EXERCISE OBJECTIVE = Among the records, which lines hold the word "Matpyfun"? Pick them out.

★ ★ ★ ★ ★ ★ ★

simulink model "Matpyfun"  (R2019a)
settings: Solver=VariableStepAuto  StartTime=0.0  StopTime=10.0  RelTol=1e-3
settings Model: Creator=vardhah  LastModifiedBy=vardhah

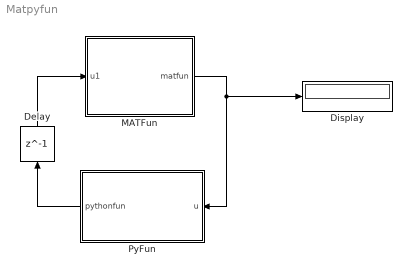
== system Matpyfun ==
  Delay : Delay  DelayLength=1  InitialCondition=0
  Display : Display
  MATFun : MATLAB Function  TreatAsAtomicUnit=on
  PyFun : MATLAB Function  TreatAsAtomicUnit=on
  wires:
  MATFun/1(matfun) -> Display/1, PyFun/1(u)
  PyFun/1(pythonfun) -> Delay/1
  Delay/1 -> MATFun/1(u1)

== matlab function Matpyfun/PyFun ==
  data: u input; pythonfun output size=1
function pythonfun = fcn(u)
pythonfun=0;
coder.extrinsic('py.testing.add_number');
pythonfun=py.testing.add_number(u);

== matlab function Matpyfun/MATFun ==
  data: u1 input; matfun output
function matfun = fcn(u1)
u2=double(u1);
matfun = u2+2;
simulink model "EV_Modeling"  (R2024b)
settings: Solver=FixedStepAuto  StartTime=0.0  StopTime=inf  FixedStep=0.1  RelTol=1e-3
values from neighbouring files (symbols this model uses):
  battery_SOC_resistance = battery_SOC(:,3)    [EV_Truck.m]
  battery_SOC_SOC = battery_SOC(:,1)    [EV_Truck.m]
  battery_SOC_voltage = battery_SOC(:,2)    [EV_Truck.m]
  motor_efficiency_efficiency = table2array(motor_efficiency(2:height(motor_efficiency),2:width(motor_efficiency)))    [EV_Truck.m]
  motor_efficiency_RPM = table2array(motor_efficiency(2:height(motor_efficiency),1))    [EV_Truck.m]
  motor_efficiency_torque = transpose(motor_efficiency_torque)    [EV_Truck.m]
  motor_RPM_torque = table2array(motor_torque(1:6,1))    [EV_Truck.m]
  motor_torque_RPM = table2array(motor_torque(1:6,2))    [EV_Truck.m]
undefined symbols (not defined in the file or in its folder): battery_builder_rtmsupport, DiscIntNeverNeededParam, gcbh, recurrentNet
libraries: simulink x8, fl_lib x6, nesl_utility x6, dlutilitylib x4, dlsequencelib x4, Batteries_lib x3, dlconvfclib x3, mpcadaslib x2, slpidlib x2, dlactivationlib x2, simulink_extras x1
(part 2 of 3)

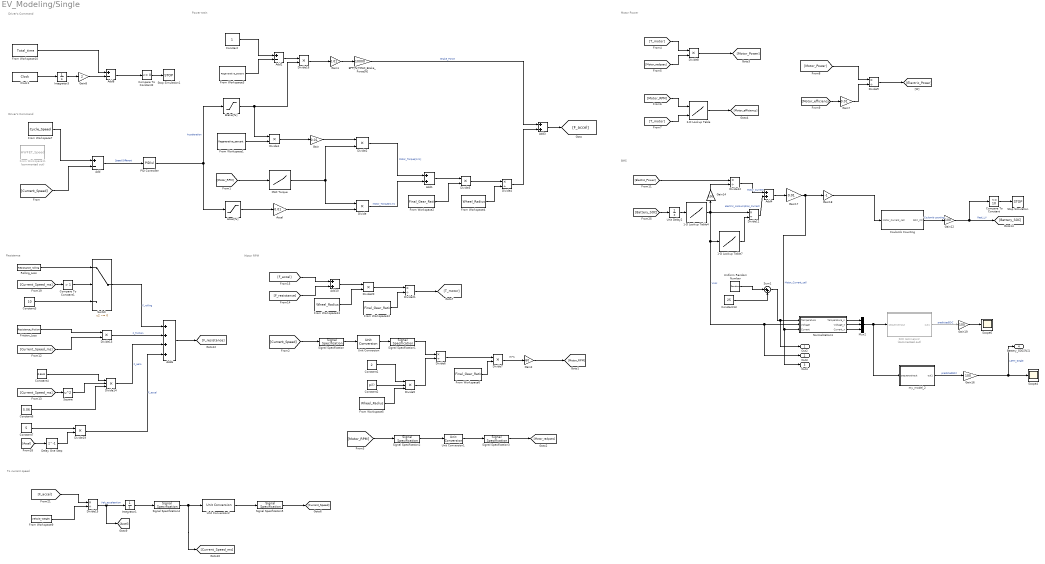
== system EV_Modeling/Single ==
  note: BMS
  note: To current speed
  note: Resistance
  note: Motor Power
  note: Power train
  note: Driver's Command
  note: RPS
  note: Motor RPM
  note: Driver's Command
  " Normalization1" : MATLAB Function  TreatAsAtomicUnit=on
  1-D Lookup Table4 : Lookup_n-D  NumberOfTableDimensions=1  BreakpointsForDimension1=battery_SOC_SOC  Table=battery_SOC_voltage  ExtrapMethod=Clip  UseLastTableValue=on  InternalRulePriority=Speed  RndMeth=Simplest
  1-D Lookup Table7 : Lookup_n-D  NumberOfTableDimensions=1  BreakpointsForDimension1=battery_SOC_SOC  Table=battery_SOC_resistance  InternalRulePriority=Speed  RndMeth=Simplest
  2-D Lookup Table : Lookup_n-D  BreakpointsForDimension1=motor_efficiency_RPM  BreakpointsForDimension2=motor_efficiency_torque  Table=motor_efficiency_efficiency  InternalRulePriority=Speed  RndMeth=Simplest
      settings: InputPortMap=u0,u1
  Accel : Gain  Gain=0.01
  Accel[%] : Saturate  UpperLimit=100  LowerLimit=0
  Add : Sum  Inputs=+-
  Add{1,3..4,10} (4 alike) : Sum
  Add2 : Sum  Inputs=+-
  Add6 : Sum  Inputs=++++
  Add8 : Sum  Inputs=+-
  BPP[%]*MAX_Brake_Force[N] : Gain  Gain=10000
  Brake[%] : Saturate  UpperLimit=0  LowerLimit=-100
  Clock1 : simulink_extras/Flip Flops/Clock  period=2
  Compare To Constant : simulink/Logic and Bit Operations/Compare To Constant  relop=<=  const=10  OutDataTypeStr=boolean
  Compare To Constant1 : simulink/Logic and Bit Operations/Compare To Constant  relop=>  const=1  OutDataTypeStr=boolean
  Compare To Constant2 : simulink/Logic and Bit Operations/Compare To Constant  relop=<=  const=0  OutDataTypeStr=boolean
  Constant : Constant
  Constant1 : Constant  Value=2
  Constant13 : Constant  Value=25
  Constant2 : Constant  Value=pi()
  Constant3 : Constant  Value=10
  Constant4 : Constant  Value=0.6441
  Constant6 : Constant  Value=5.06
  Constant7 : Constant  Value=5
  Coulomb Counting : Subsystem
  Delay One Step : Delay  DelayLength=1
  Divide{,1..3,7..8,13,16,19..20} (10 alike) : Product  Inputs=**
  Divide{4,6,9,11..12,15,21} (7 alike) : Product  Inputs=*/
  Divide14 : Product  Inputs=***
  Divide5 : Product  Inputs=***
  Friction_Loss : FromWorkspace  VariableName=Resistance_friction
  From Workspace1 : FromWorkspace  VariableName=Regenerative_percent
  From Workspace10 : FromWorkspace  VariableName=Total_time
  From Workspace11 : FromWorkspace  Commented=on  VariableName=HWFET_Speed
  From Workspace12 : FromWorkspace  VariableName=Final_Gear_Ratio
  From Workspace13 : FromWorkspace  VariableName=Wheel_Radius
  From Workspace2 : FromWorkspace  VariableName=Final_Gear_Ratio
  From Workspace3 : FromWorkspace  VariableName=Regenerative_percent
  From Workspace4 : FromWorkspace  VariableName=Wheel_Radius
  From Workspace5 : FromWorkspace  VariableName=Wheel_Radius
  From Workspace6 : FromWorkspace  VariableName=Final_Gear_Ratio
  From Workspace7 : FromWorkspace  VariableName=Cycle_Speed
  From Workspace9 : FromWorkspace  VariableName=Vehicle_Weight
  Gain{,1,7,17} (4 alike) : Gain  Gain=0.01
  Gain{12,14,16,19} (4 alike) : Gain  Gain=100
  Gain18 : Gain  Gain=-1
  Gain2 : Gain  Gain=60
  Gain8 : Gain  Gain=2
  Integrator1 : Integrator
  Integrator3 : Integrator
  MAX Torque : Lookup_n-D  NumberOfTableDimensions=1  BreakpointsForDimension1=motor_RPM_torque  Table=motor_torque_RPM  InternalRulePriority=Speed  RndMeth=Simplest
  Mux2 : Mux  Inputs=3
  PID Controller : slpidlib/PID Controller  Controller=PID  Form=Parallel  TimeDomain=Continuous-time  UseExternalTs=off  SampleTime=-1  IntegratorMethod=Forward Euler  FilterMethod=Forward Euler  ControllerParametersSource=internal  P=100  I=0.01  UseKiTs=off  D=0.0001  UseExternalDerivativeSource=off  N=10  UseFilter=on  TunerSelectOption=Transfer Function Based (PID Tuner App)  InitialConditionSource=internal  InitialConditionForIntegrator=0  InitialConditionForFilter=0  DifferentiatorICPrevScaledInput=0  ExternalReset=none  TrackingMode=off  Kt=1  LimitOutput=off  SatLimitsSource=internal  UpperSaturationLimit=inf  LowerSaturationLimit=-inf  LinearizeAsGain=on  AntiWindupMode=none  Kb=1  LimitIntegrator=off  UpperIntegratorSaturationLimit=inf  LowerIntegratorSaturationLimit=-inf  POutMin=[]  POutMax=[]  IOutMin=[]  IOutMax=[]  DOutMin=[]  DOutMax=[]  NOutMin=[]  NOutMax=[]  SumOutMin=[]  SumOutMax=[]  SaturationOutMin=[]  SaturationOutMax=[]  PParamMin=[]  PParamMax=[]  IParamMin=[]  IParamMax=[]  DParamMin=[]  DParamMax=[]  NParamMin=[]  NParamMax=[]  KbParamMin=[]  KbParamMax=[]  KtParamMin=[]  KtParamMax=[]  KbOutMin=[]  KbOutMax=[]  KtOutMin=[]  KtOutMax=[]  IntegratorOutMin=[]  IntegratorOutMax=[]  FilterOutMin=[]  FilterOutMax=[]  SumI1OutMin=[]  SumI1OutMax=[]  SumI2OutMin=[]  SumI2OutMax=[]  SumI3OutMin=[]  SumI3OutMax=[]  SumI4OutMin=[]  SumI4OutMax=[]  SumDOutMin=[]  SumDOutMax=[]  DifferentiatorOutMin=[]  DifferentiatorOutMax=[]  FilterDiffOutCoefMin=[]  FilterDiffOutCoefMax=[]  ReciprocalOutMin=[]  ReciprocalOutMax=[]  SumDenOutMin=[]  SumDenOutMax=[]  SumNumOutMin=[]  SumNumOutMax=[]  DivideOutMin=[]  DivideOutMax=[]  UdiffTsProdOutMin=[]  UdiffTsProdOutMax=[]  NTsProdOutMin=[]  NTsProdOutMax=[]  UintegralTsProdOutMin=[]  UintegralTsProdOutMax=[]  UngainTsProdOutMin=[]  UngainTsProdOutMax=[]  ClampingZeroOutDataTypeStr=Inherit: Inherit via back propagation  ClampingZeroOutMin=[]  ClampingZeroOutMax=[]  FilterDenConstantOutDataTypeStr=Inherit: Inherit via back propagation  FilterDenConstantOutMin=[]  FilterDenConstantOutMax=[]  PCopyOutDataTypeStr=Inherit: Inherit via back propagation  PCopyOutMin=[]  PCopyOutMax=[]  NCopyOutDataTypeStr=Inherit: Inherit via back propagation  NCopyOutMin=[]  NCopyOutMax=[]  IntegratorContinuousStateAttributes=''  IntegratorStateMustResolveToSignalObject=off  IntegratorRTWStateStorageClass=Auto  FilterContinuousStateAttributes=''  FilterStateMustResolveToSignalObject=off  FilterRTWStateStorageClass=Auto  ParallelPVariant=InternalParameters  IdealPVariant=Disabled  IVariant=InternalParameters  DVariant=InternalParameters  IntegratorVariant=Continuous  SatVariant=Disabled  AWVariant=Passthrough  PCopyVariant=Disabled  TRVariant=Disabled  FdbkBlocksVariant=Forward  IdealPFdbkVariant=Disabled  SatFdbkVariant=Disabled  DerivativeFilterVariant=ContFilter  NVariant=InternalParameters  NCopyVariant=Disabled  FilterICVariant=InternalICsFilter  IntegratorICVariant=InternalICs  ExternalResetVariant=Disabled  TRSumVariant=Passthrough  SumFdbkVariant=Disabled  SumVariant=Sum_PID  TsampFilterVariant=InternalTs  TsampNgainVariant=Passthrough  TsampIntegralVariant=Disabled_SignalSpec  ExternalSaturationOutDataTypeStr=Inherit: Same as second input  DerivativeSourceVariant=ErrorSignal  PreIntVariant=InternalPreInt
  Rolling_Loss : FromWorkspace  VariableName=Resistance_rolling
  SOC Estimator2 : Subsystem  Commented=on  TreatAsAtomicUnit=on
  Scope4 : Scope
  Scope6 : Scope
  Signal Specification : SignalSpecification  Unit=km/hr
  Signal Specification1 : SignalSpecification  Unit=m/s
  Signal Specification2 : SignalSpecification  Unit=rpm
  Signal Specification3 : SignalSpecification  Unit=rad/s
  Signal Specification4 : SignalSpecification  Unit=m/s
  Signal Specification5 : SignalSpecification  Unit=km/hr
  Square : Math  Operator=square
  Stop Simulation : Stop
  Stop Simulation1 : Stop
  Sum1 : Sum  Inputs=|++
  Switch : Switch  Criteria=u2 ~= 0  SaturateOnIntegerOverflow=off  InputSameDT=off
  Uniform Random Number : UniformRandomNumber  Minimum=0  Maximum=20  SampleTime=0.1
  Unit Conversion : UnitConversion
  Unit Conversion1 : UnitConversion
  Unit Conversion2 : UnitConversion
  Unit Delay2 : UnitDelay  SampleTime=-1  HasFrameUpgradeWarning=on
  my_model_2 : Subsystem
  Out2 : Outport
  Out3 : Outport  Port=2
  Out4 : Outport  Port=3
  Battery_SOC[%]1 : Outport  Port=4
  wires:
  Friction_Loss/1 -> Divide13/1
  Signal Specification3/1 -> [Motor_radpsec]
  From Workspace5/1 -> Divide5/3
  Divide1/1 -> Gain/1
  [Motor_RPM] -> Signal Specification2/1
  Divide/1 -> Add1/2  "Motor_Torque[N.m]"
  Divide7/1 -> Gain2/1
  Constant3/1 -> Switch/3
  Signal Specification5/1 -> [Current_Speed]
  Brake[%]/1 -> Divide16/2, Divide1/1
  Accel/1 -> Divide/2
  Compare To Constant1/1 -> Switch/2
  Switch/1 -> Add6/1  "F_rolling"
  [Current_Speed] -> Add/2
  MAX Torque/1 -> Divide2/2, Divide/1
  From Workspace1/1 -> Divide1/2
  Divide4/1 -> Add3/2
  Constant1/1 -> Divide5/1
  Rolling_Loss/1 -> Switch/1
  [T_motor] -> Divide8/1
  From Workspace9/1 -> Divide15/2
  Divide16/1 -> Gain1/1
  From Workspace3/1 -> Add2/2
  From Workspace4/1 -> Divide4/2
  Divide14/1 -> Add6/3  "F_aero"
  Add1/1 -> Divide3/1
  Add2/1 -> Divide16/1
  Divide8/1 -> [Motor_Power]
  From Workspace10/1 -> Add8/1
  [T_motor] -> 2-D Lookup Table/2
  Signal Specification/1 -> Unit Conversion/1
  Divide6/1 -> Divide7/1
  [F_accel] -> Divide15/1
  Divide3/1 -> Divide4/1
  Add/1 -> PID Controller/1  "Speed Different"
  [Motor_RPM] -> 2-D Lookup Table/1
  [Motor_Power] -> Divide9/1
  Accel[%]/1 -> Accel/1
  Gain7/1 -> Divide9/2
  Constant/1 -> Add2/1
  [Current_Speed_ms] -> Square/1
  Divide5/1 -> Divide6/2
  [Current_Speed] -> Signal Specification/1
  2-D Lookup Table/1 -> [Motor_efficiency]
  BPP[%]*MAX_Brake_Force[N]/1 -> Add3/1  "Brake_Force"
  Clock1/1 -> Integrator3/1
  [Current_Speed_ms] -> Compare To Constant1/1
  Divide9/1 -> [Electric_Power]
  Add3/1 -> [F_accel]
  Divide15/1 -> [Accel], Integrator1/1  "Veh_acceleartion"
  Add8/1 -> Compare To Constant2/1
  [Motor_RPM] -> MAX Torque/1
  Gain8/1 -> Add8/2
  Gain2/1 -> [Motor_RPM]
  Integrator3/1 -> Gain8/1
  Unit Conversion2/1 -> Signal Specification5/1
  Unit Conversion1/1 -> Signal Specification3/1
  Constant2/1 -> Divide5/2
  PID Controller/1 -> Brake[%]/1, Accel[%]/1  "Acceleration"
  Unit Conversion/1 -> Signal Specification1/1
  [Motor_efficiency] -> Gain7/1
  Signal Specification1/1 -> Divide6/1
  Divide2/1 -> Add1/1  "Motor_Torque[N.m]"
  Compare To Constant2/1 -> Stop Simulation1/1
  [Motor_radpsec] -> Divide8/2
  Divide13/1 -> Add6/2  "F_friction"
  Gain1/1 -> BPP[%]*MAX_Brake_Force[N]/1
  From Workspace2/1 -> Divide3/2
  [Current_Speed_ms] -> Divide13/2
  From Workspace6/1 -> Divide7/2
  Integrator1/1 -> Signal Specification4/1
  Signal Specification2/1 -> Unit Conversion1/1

★ ★ ★ ★ ★ ★ ★

OUTPUT =
simulink model "Matpyfun"  (R2019a)
== system Matpyfun ==
== matlab function Matpyfun/PyFun ==
== matlab function Matpyfun/MATFun ==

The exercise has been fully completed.